Carícias



E assim seremos dois
Dois em dois.


Com meus olhos a buscar e os teus em fuga a clamar
Agora, virada a página, sou criança
Novamente viva

Saltando de sonho em sonho
De conto em conto
De regra em regra
De ideal em ideal
Questionando tudo
De tudo tendo sede
E sou o que sonho porque é assim que tem que ser


Chances são dadas a quem não tem perspectiva
Pra quem busca assiduidade

Eu?
Eu caço.
Eu minto com a fala 
E digo com todo o meu ser, a verdade
Porque transpareço em lágrimas e insanidade.

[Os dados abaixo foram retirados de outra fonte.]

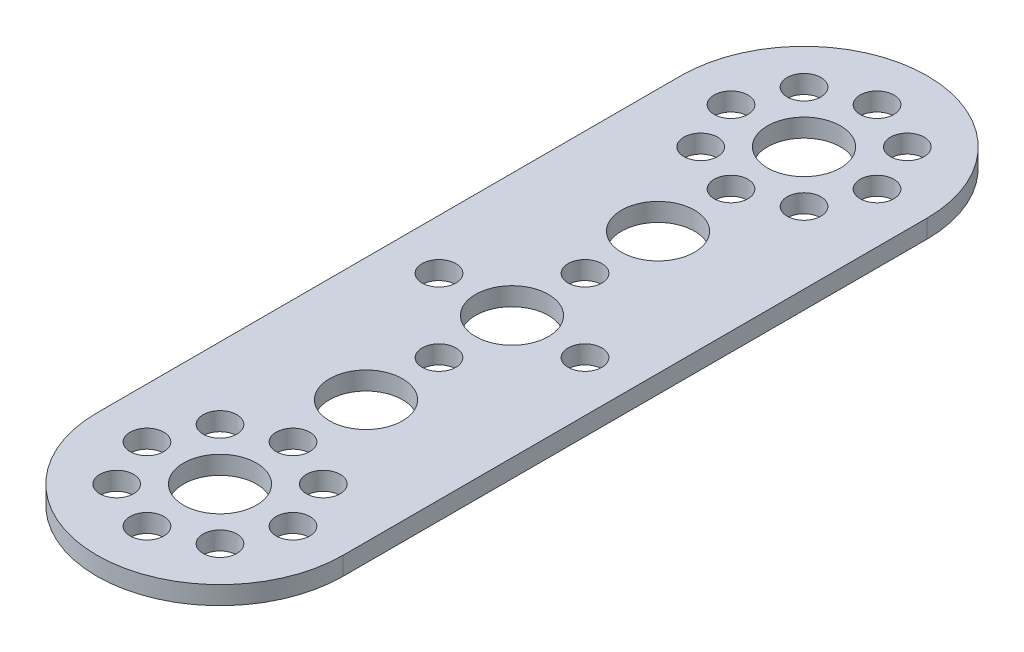
ISO-10303-21;
HEADER;
FILE_DESCRIPTION(('STEP AP214'),'2;1');
FILE_NAME('part.step','',(''),(''),'','','');
FILE_SCHEMA(('AUTOMOTIVE_DESIGN { 1 0 10303 214 1 1 1 1 }'));
ENDSEC;
DATA;
#1=APPLICATION_CONTEXT('core data for automotive mechanical design processes');
#2=APPLICATION_PROTOCOL_DEFINITION('international standard','automotive_design',2000,#1);
#3=PRODUCT_CONTEXT('',#1,'mechanical');
#4=PRODUCT('Part','Part','',(#3));
#5=PRODUCT_RELATED_PRODUCT_CATEGORY('part','',(#4));
#6=PRODUCT_DEFINITION_FORMATION('','',#4);
#7=PRODUCT_DEFINITION_CONTEXT('part definition',#1,'design');
#8=PRODUCT_DEFINITION('design','',#6,#7);
#9=PRODUCT_DEFINITION_SHAPE('','',#8);
#10=(LENGTH_UNIT() NAMED_UNIT(*) SI_UNIT(.MILLI.,.METRE.));
#11=(NAMED_UNIT(*) PLANE_ANGLE_UNIT() SI_UNIT($,.RADIAN.));
#12=(NAMED_UNIT(*) SI_UNIT($,.STERADIAN.) SOLID_ANGLE_UNIT());
#13=UNCERTAINTY_MEASURE_WITH_UNIT(LENGTH_MEASURE(1.E-05),#10,'distance_accuracy_value','');
#14=(GEOMETRIC_REPRESENTATION_CONTEXT(3) GLOBAL_UNCERTAINTY_ASSIGNED_CONTEXT((#13)) GLOBAL_UNIT_ASSIGNED_CONTEXT((#10,
#11,#12)) REPRESENTATION_CONTEXT('',''));
#15=CARTESIAN_POINT('',(0.,0.,0.));
#16=DIRECTION('',(0.,0.,1.));
#17=DIRECTION('',(1.,0.,0.));
#18=AXIS2_PLACEMENT_3D('',#15,#16,#17);
#19=CARTESIAN_POINT('',(0.,2.,-32.));
#20=DIRECTION('',(0.,-1.,0.));
#21=DIRECTION('',(0.,0.,-1.));
#22=AXIS2_PLACEMENT_3D('',#19,#20,#21);
#23=CYLINDRICAL_SURFACE('',#22,13.5);
#24=CARTESIAN_POINT('',(0.,0.,-32.));
#25=DIRECTION('',(0.,1.,0.));
#26=DIRECTION('',(0.,0.,1.));
#27=AXIS2_PLACEMENT_3D('',#24,#25,#26);
#28=CIRCLE('',#27,13.5);
#29=CARTESIAN_POINT('',(13.5,0.,-32.));
#30=VERTEX_POINT('',#29);
#31=CARTESIAN_POINT('',(-13.5,0.,-32.));
#32=VERTEX_POINT('',#31);
#33=EDGE_CURVE('E95',#30,#32,#28,.T.);
#34=ORIENTED_EDGE('',*,*,#33,.T.);
#35=DIRECTION('',(0.,-1.,0.));
#36=VECTOR('',#35,1.);
#37=CARTESIAN_POINT('',(-13.5,2.,-32.));
#38=LINE('',#37,#36);
#39=CARTESIAN_POINT('',(-13.5,2.,-32.));
#40=VERTEX_POINT('',#39);
#41=EDGE_CURVE('E11',#40,#32,#38,.T.);
#42=ORIENTED_EDGE('',*,*,#41,.F.);
#43=CARTESIAN_POINT('',(0.,2.,-32.));
#44=DIRECTION('',(0.,1.,0.));
#45=DIRECTION('',(0.,0.,1.));
#46=AXIS2_PLACEMENT_3D('',#43,#44,#45);
#47=CIRCLE('',#46,13.5);
#48=CARTESIAN_POINT('',(13.5,2.,-32.));
#49=VERTEX_POINT('',#48);
#50=EDGE_CURVE('E83',#49,#40,#47,.T.);
#51=ORIENTED_EDGE('',*,*,#50,.F.);
#52=DIRECTION('',(0.,-1.,0.));
#53=VECTOR('',#52,1.);
#54=CARTESIAN_POINT('',(13.5,2.,-32.));
#55=LINE('',#54,#53);
#56=EDGE_CURVE('E91',#49,#30,#55,.T.);
#57=ORIENTED_EDGE('',*,*,#56,.T.);
#58=EDGE_LOOP('',(#34,#42,#51,#57));
#59=FACE_BOUND('',#58,.T.);
#60=ADVANCED_FACE('F32',(#59),#23,.T.);
#61=CARTESIAN_POINT('',(-13.5,2.,32.));
#62=DIRECTION('',(1.,0.,0.));
#63=DIRECTION('',(0.,0.,-1.));
#64=AXIS2_PLACEMENT_3D('',#61,#62,#63);
#65=PLANE('',#64);
#66=DIRECTION('',(0.,0.,1.));
#67=VECTOR('',#66,1.);
#68=CARTESIAN_POINT('',(-13.5,0.,32.));
#69=LINE('',#68,#67);
#70=CARTESIAN_POINT('',(-13.5,0.,32.));
#71=VERTEX_POINT('',#70);
#72=EDGE_CURVE('E87',#32,#71,#69,.T.);
#73=ORIENTED_EDGE('',*,*,#72,.T.);
#74=DIRECTION('',(0.,-1.,0.));
#75=VECTOR('',#74,1.);
#76=CARTESIAN_POINT('',(-13.5,2.,32.));
#77=LINE('',#76,#75);
#78=CARTESIAN_POINT('',(-13.5,2.,32.));
#79=VERTEX_POINT('',#78);
#80=EDGE_CURVE('E40',#79,#71,#77,.T.);
#81=ORIENTED_EDGE('',*,*,#80,.F.);
#82=DIRECTION('',(0.,0.,1.));
#83=VECTOR('',#82,1.);
#84=CARTESIAN_POINT('',(-13.5,2.,32.));
#85=LINE('',#84,#83);
#86=EDGE_CURVE('E78',#40,#79,#85,.T.);
#87=ORIENTED_EDGE('',*,*,#86,.F.);
#88=ORIENTED_EDGE('',*,*,#41,.T.);
#89=EDGE_LOOP('',(#73,#81,#87,#88));
#90=FACE_BOUND('',#89,.T.);
#91=ADVANCED_FACE('F86',(#90),#65,.F.);
#92=CARTESIAN_POINT('',(0.,2.,32.));
#93=DIRECTION('',(0.,-1.,0.));
#94=DIRECTION('',(0.,0.,-1.));
#95=AXIS2_PLACEMENT_3D('',#92,#93,#94);
#96=CYLINDRICAL_SURFACE('',#95,13.5);
#97=CARTESIAN_POINT('',(0.,0.,32.));
#98=DIRECTION('',(0.,1.,0.));
#99=DIRECTION('',(0.,0.,1.));
#100=AXIS2_PLACEMENT_3D('',#97,#98,#99);
#101=CIRCLE('',#100,13.5);
#102=CARTESIAN_POINT('',(13.5,0.,32.));
#103=VERTEX_POINT('',#102);
#104=EDGE_CURVE('E65',#71,#103,#101,.T.);
#105=ORIENTED_EDGE('',*,*,#104,.T.);
#106=DIRECTION('',(0.,-1.,0.));
#107=VECTOR('',#106,1.);
#108=CARTESIAN_POINT('',(13.5,2.,32.));
#109=LINE('',#108,#107);
#110=CARTESIAN_POINT('',(13.5,2.,32.));
#111=VERTEX_POINT('',#110);
#112=EDGE_CURVE('E88',#111,#103,#109,.T.);
#113=ORIENTED_EDGE('',*,*,#112,.F.);
#114=CARTESIAN_POINT('',(0.,2.,32.));
#115=DIRECTION('',(0.,1.,0.));
#116=DIRECTION('',(0.,0.,1.));
#117=AXIS2_PLACEMENT_3D('',#114,#115,#116);
#118=CIRCLE('',#117,13.5);
#119=EDGE_CURVE('E81',#79,#111,#118,.T.);
#120=ORIENTED_EDGE('',*,*,#119,.F.);
#121=ORIENTED_EDGE('',*,*,#80,.T.);
#122=EDGE_LOOP('',(#105,#113,#120,#121));
#123=FACE_BOUND('',#122,.T.);
#124=ADVANCED_FACE('F89',(#123),#96,.T.);
#125=CARTESIAN_POINT('',(13.5,2.,32.));
#126=DIRECTION('',(-1.,0.,0.));
#127=DIRECTION('',(0.,0.,1.));
#128=AXIS2_PLACEMENT_3D('',#125,#126,#127);
#129=PLANE('',#128);
#130=DIRECTION('',(0.,0.,-1.));
#131=VECTOR('',#130,1.);
#132=CARTESIAN_POINT('',(13.5,0.,32.));
#133=LINE('',#132,#131);
#134=EDGE_CURVE('E71',#103,#30,#133,.T.);
#135=ORIENTED_EDGE('',*,*,#134,.T.);
#136=ORIENTED_EDGE('',*,*,#56,.F.);
#137=DIRECTION('',(0.,0.,-1.));
#138=VECTOR('',#137,1.);
#139=CARTESIAN_POINT('',(13.5,2.,32.));
#140=LINE('',#139,#138);
#141=EDGE_CURVE('E48',#111,#49,#140,.T.);
#142=ORIENTED_EDGE('',*,*,#141,.F.);
#143=ORIENTED_EDGE('',*,*,#112,.T.);
#144=EDGE_LOOP('',(#135,#136,#142,#143));
#145=FACE_BOUND('',#144,.T.);
#146=ADVANCED_FACE('F103',(#145),#129,.F.);
#147=CARTESIAN_POINT('',(0.,2.,-32.));
#148=DIRECTION('',(0.,1.,0.));
#149=DIRECTION('',(0.,0.,1.));
#150=AXIS2_PLACEMENT_3D('',#147,#148,#149);
#151=PLANE('',#150);
#152=CARTESIAN_POINT('',(5.65999999999991,2.,-26.34));
#153=DIRECTION('',(0.,1.,0.));
#154=DIRECTION('',(0.,0.,1.));
#155=AXIS2_PLACEMENT_3D('',#152,#153,#154);
#156=CIRCLE('',#155,1.84999999999998);
#157=CARTESIAN_POINT('',(5.65999999999991,2.,-24.49));
#158=VERTEX_POINT('',#157);
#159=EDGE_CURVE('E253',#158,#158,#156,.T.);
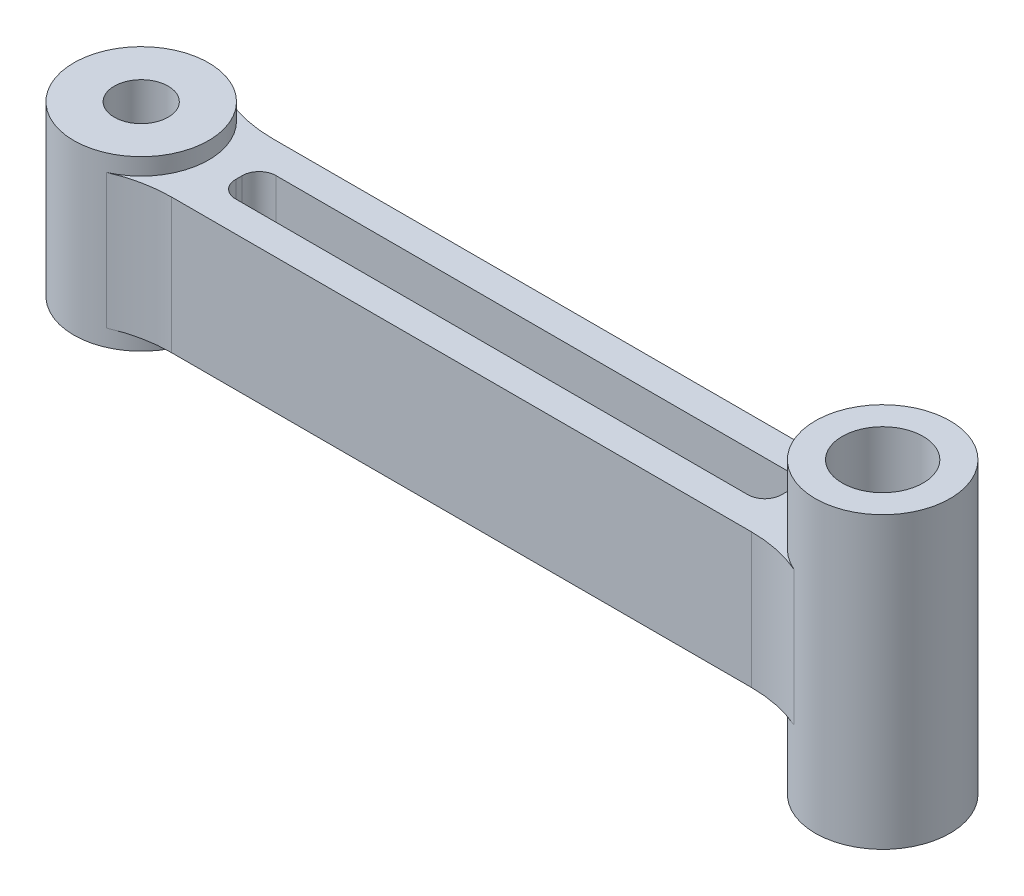
ISO-10303-21;
HEADER;
FILE_DESCRIPTION(('STEP AP214'),'2;1');
FILE_NAME('part.step','',(''),(''),'','','');
FILE_SCHEMA(('AUTOMOTIVE_DESIGN { 1 0 10303 214 1 1 1 1 }'));
ENDSEC;
DATA;
#1=APPLICATION_CONTEXT('core data for automotive mechanical design processes');
#2=APPLICATION_PROTOCOL_DEFINITION('international standard','automotive_design',2000,#1);
#3=PRODUCT_CONTEXT('',#1,'mechanical');
#4=PRODUCT('Part','Part','',(#3));
#5=PRODUCT_RELATED_PRODUCT_CATEGORY('part','',(#4));
#6=PRODUCT_DEFINITION_FORMATION('','',#4);
#7=PRODUCT_DEFINITION_CONTEXT('part definition',#1,'design');
#8=PRODUCT_DEFINITION('design','',#6,#7);
#9=PRODUCT_DEFINITION_SHAPE('','',#8);
#10=(LENGTH_UNIT() NAMED_UNIT(*) SI_UNIT(.MILLI.,.METRE.));
#11=(NAMED_UNIT(*) PLANE_ANGLE_UNIT() SI_UNIT($,.RADIAN.));
#12=(NAMED_UNIT(*) SI_UNIT($,.STERADIAN.) SOLID_ANGLE_UNIT());
#13=UNCERTAINTY_MEASURE_WITH_UNIT(LENGTH_MEASURE(1.E-05),#10,'distance_accuracy_value','');
#14=(GEOMETRIC_REPRESENTATION_CONTEXT(3) GLOBAL_UNCERTAINTY_ASSIGNED_CONTEXT((#13)) GLOBAL_UNIT_ASSIGNED_CONTEXT((#10,
#11,#12)) REPRESENTATION_CONTEXT('',''));
#15=CARTESIAN_POINT('',(0.,0.,0.));
#16=DIRECTION('',(0.,0.,1.));
#17=DIRECTION('',(1.,0.,0.));
#18=AXIS2_PLACEMENT_3D('',#15,#16,#17);
#19=CARTESIAN_POINT('',(0.,-10.,0.));
#20=DIRECTION('',(0.,1.,0.));
#21=DIRECTION('',(0.,0.,1.));
#22=AXIS2_PLACEMENT_3D('',#19,#20,#21);
#23=PLANE('',#22);
#24=DIRECTION('',(-1.,0.,0.));
#25=VECTOR('',#24,1.);
#26=CARTESIAN_POINT('',(0.,-10.,-15.));
#27=LINE('',#26,#25);
#28=CARTESIAN_POINT('',(43.0104211917182,-10.,-15.));
#29=VERTEX_POINT('',#28);
#30=CARTESIAN_POINT('',(-43.0104211917182,-10.,-15.));
#31=VERTEX_POINT('',#30);
#32=EDGE_CURVE('E216',#29,#31,#27,.T.);
#33=ORIENTED_EDGE('',*,*,#32,.F.);
#34=CARTESIAN_POINT('',(43.0104211917182,-10.,-35.));
#35=DIRECTION('',(0.,1.,0.));
#36=DIRECTION('',(0.,0.,1.));
#37=AXIS2_PLACEMENT_3D('',#34,#35,#36);
#38=CIRCLE('',#37,20.);
#39=CARTESIAN_POINT('',(51.0034737305728,-10.,-16.6666666666667));
#40=VERTEX_POINT('',#39);
#41=EDGE_CURVE('E200',#29,#40,#38,.T.);
#42=ORIENTED_EDGE('',*,*,#41,.T.);
#43=CARTESIAN_POINT('',(55.,-10.,-7.49999999999999));
#44=DIRECTION('',(0.,-1.,0.));
#45=DIRECTION('',(0.,0.,1.));
#46=AXIS2_PLACEMENT_3D('',#43,#44,#45);
#47=CIRCLE('',#46,9.99999999999999);
#48=CARTESIAN_POINT('',(51.0034737305727,-10.,1.66666666666667));
#49=VERTEX_POINT('',#48);
#50=EDGE_CURVE('E458',#49,#40,#47,.T.);
#51=ORIENTED_EDGE('',*,*,#50,.F.);
#52=CARTESIAN_POINT('',(43.0104211917182,-10.,20.));
#53=DIRECTION('',(0.,1.,0.));
#54=DIRECTION('',(0.,0.,1.));
#55=AXIS2_PLACEMENT_3D('',#52,#53,#54);
#56=CIRCLE('',#55,20.);
#57=CARTESIAN_POINT('',(43.0104211917182,-10.,0.));
#58=VERTEX_POINT('',#57);
#59=EDGE_CURVE('E256',#49,#58,#56,.T.);
#60=ORIENTED_EDGE('',*,*,#59,.T.);
#61=DIRECTION('',(-1.,0.,0.));
#62=VECTOR('',#61,1.);
#63=CARTESIAN_POINT('',(0.,-10.,0.));
#64=LINE('',#63,#62);
#65=CARTESIAN_POINT('',(-43.0104211917182,-10.,0.));
#66=VERTEX_POINT('',#65);
#67=EDGE_CURVE('E229',#58,#66,#64,.T.);
#68=ORIENTED_EDGE('',*,*,#67,.T.);
#69=CARTESIAN_POINT('',(-43.0104211917182,-10.,20.));
#70=DIRECTION('',(0.,1.,0.));
#71=DIRECTION('',(0.,0.,1.));
#72=AXIS2_PLACEMENT_3D('',#69,#70,#71);
#73=CIRCLE('',#72,20.);
#74=CARTESIAN_POINT('',(-51.0034737305727,-10.,1.66666666666667));
#75=VERTEX_POINT('',#74);
#76=EDGE_CURVE('E265',#66,#75,#73,.T.);
#77=ORIENTED_EDGE('',*,*,#76,.T.);
#78=CARTESIAN_POINT('',(-55.,-10.,-7.49999999999999));
#79=DIRECTION('',(0.,1.,0.));
#80=DIRECTION('',(0.,0.,1.));
#81=AXIS2_PLACEMENT_3D('',#78,#79,#80);
#82=CIRCLE('',#81,9.99999999999999);
#83=CARTESIAN_POINT('',(-51.0034737305727,-10.,-16.6666666666667));
#84=VERTEX_POINT('',#83);
#85=EDGE_CURVE('E226',#75,#84,#82,.T.);
#86=ORIENTED_EDGE('',*,*,#85,.T.);
#87=CARTESIAN_POINT('',(-43.0104211917182,-10.,-35.));
#88=DIRECTION('',(0.,1.,0.));
#89=DIRECTION('',(0.,0.,1.));
#90=AXIS2_PLACEMENT_3D('',#87,#88,#89);
#91=CIRCLE('',#90,20.);
#92=EDGE_CURVE('E225',#84,#31,#91,.T.);
#93=ORIENTED_EDGE('',*,*,#92,.T.);
#94=EDGE_LOOP('',(#33,#42,#51,#60,#68,#77,#86,#93));
#95=FACE_BOUND('',#94,.T.);
#96=DIRECTION('',(-1.,0.,0.));
#97=VECTOR('',#96,1.);
#98=CARTESIAN_POINT('',(40.8137390408889,-10.,-10.5));
#99=LINE('',#98,#97);
#100=CARTESIAN_POINT('',(38.0073545320336,-10.,-10.5));
#101=VERTEX_POINT('',#100);
#102=CARTESIAN_POINT('',(-38.0073545320336,-10.,-10.5));
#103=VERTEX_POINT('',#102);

Eu sou feroz, voraz e não temo acariciar meu Ego
Pois os versos são meus agora
E teus, assim que minha mente cair no vazio


Mas enquanto são meus eu os devoro
E devoro teus olhos que leem
Eu me devoro nessa ressonância passional

Eu atinjo a morte com a sede da vida
E sirvo a vida com a certeza do inacabado.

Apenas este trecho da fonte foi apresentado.